I have a Windows partition, so I restarted and held down ALT. My Mac partition still has its neat little custom icon I gave it, so my Mac partition is not erased entirely (by the way, Windows 7 has been doing a lot of boot-up disk checks lately). I also have MacDrive on my Windows partition, and when I go into the Mac partition, nothing seems to be wrong. Nobody's documents or photos are missing and it's all good.

I just remember deleting the following folders at the root of the partition under a root account shortly before logging into that account where the video showed up:
  • Applications (Mac OS 9)
  • User Guides and Information (from old Mac)
  • sh (pretty sure this had to do with some program for installing linux apps. it was never there before i installed that, and now that program's been deleted for a long time, so i just ditched the sh folder.)

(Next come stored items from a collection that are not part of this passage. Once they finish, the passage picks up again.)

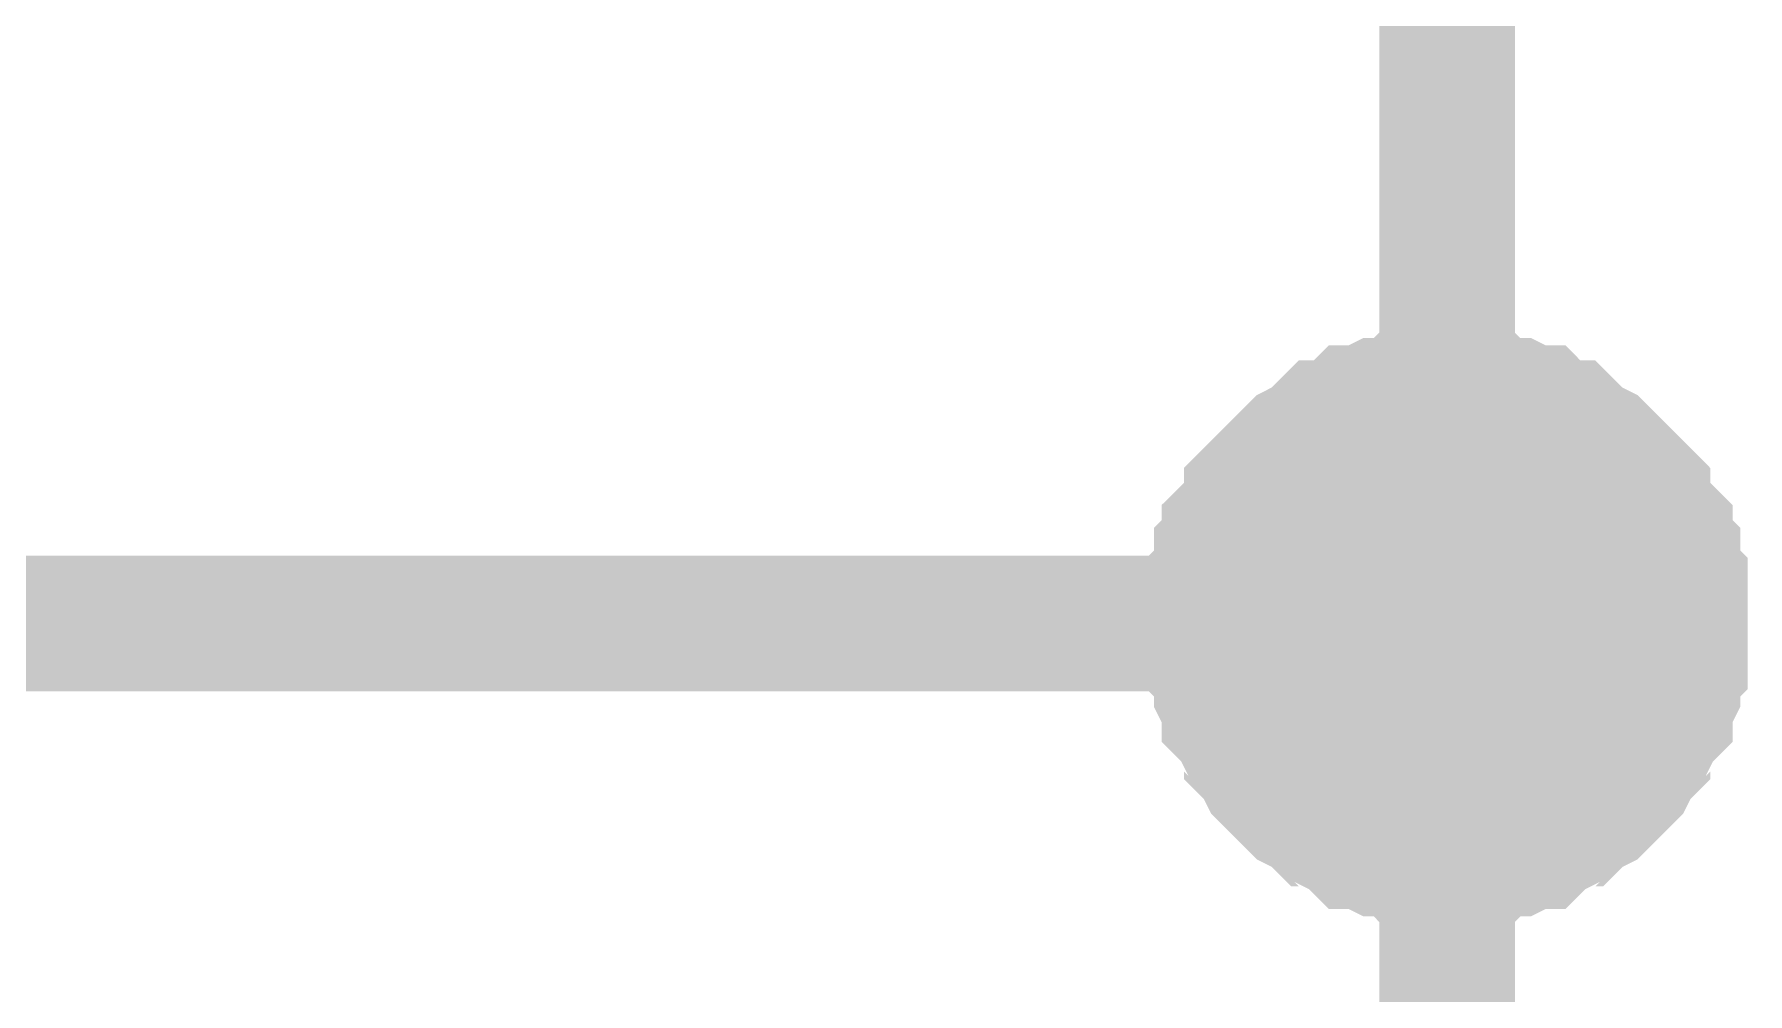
# Model space of a CAD drawing. Header units: millimetres. Extents: x -2024 to 917, y -725 to 13.
# Drawn here: x 586.407 to 590.186, y -629.606 to -627.489 of the extents above; entities that cross this region are included whole.
import ezdxf

# ---------------------------------------------------------------- set-up
doc = ezdxf.new("R2010")
doc.units = ezdxf.units.MM
doc.layers.add('Sheet', color=255, linetype='Continuous')

msp = doc.modelspace()

# ---------------------------------------------------------------- linework, layer by layer
at = {"layer": 'Sheet'}
for points, const_width in [([(582.0256, -621.2875), (589.5233, -621.2875), (589.5233, -623.7879), (589.5233, -626.2883), (589.5233, -628.7887), (589.5233, -631.289)], 0.2997), ([(589.0102, -628.7887), (589.0102, -628.7555), (589.0102, -628.739), (589.0102, -628.7059), (589.0268, -628.6893), (589.0268, -628.6562), (589.0268, -628.6396), (589.0433, -628.6231), (589.0433, -628.5899), (589.0599, -628.5734), (589.0764, -628.5568), (589.093, -628.5237), (589.093, -628.5072), (589.1095, -628.4906), (589.1261, -628.474), (589.1426, -628.4575), (589.1592, -628.4409), (589.1757, -628.4244), (589.1923, -628.4078), (589.2254, -628.3912), (589.2419, -628.3747), (589.2585, -628.3581), (589.275, -628.3581), (589.3081, -628.3416), (589.3247, -628.325), (589.3412, -628.325), (589.3743, -628.3084), (589.3909, -628.3084), (589.424, -628.3084), (589.4405, -628.2919), (589.4736, -628.2919), (589.4902, -628.2919), (589.5233, -628.2919)], 0.2997), ([(589.0102, -628.7887), (589.0102, -628.7555), (589.0102, -628.739), (589.0102, -628.7059), (589.0268, -628.6893), (589.0268, -628.6562), (589.0268, -628.6396), (589.0433, -628.6231), (589.0433, -628.5899), (589.0599, -628.5734), (589.0764, -628.5568), (589.093, -628.5237), (589.093, -628.5072), (589.1095, -628.4906), (589.1261, -628.474), (589.1426, -628.4575), (589.1592, -628.4409), (589.1757, -628.4244), (589.1923, -628.4078), (589.2254, -628.3912), (589.2419, -628.3747), (589.2585, -628.3581), (589.275, -628.3581), (589.3081, -628.3416), (589.3247, -628.325), (589.3412, -628.325), (589.3743, -628.3084), (589.3909, -628.3084), (589.424, -628.3084), (589.4405, -628.2919), (589.4736, -628.2919), (589.4902, -628.2919), (589.5233, -628.2919)], 0.2997), ([(589.0102, -628.7887), (589.0102, -628.7555), (589.0102, -628.739), (589.0102, -628.7059), (589.0268, -628.6893), (589.0268, -628.6562), (589.0268, -628.6396), (589.0433, -628.6231), (589.0433, -628.5899), (589.0599, -628.5734), (589.0764, -628.5568), (589.093, -628.5237), (589.093, -628.5072), (589.1095, -628.4906), (589.1261, -628.474), (589.1426, -628.4575), (589.1592, -628.4409), (589.1757, -628.4244), (589.1923, -628.4078), (589.2254, -628.3912), (589.2419, -628.3747), (589.2585, -628.3581), (589.275, -628.3581), (589.3081, -628.3416), (589.3247, -628.325), (589.3412, -628.325), (589.3743, -628.3084), (589.3909, -628.3084), (589.424, -628.3084), (589.4405, -628.2919), (589.4736, -628.2919), (589.4902, -628.2919), (589.5233, -628.2919)], 0.2997), ([(589.0102, -628.7887), (589.0102, -628.7555), (589.0102, -628.739), (589.0102, -628.7059), (589.0268, -628.6893), (589.0268, -628.6562), (589.0268, -628.6396), (589.0433, -628.6231), (589.0433, -628.5899), (589.0599, -628.5734), (589.0764, -628.5568), (589.093, -628.5237), (589.093, -628.5072), (589.1095, -628.4906), (589.1261, -628.474), (589.1426, -628.4575), (589.1592, -628.4409), (589.1757, -628.4244), (589.1923, -628.4078), (589.2254, -628.3912), (589.2419, -628.3747), (589.2585, -628.3581), (589.275, -628.3581), (589.3081, -628.3416), (589.3247, -628.325), (589.3412, -628.325), (589.3743, -628.3084), (589.3909, -628.3084), (589.424, -628.3084), (589.4405, -628.2919), (589.4736, -628.2919), (589.4902, -628.2919), (589.5233, -628.2919)], 0.2997), ([(589.5233, -628.2919), (589.5233, -628.2919)], 0.2997), ([(589.5233, -628.2919), (589.5564, -628.2919), (589.5729, -628.2919), (589.606, -628.2919), (589.6226, -628.3084), (589.6557, -628.3084), (589.6722, -628.3084), (589.7053, -628.325), (589.7219, -628.325), (589.7384, -628.3416), (589.7716, -628.3581), (589.7881, -628.3581), (589.8047, -628.3747), (589.8212, -628.3912), (589.8543, -628.4078), (589.8709, -628.4244), (589.8874, -628.4409), (589.904, -628.4575), (589.9205, -628.474), (589.9371, -628.4906), (589.9536, -628.5072), (589.9536, -628.5237), (589.9702, -628.5568), (589.9867, -628.5734), (590.0033, -628.5899), (590.0033, -628.6231), (590.0198, -628.6396), (590.0198, -628.6562), (590.0198, -628.6893), (590.0364, -628.7059), (590.0364, -628.739), (590.0364, -628.7555), (590.0364, -628.7887)], 0.2997), ([(589.5233, -628.2919), (589.5233, -628.2919)], 0.2997), ([(589.5233, -628.2919), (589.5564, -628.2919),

  • maybe something else from that old installation of Mac OS 9, i forgot

My Windows 7 partition has no viruses (I just scanned, believe me) and that's working fine. But I'm very concerned about this Mac partition that refuses to go past that gray boot screen. This is a family computer, and other users have thousands of photos, video projects, and music libraries that they'd certainly like to keep. I see my last resort as using the Windows partition to back up everything in the Mac partition to one of our HUGE neglected external hard drives, and then just erase the Mac partition and reinstall Snow. But do I really have to do that, or is there an unbelievably stupid solution I overlooked?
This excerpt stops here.